Segment Start: Input records
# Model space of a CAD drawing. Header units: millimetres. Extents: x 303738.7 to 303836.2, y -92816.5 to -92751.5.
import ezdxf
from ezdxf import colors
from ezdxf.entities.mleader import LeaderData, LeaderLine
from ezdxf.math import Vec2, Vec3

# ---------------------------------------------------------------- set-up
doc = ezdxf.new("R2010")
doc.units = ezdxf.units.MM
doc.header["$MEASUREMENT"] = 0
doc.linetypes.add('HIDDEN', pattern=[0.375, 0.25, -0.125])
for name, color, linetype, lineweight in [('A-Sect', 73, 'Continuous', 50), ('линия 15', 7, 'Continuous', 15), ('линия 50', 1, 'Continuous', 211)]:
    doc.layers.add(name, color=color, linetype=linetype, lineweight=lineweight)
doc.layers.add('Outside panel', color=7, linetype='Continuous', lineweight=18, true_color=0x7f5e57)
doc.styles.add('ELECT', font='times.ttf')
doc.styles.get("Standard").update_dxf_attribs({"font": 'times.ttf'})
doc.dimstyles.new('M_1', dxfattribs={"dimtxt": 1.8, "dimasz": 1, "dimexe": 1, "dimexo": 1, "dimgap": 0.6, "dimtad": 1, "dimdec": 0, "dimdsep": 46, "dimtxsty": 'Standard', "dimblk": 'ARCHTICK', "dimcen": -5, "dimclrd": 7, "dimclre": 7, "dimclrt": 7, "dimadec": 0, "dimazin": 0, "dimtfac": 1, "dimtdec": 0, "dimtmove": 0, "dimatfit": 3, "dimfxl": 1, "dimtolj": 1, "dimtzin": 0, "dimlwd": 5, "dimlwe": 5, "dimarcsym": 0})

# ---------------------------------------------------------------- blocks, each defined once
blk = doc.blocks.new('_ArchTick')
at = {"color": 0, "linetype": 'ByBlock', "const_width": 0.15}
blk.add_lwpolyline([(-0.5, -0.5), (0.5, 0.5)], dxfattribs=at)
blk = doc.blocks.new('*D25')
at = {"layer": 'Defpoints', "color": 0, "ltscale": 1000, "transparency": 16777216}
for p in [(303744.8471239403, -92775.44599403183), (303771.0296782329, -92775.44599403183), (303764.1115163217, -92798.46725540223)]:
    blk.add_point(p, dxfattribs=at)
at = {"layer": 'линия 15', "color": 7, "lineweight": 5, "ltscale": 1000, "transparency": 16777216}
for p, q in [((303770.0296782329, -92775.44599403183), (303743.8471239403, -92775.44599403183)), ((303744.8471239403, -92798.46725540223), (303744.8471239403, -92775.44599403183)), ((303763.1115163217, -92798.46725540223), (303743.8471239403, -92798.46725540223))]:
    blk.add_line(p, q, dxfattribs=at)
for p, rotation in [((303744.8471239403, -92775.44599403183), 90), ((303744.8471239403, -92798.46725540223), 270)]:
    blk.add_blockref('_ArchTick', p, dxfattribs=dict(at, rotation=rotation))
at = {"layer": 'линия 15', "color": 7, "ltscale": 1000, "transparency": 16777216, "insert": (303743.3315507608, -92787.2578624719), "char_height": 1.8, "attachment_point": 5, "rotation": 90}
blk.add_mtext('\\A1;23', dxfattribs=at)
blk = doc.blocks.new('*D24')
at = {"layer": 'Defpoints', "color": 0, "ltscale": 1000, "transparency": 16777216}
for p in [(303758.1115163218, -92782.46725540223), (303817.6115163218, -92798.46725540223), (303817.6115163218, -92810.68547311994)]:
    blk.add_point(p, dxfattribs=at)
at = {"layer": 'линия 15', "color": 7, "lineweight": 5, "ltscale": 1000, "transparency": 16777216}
Segment End: Input records
- [Your objective]:
Read the data above and pull out each line that holds the string "lineweight".

- [Answer for the task]:
for name, color, linetype, lineweight in [('A-Sect', 73, 'Continuous', 50), ('линия 15', 7, 'Continuous', 15), ('линия 50', 1, 'Continuous', 211)]:
    doc.layers.add(name, color=color, linetype=linetype, lineweight=lineweight)
doc.layers.add('Outside panel', color=7, linetype='Continuous', lineweight=18, true_color=0x7f5e57)
at = {"layer": 'линия 15', "color": 7, "lineweight": 5, "ltscale": 1000, "transparency": 16777216}
at = {"layer": 'линия 15', "color": 7, "lineweight": 5, "ltscale": 1000, "transparency": 16777216}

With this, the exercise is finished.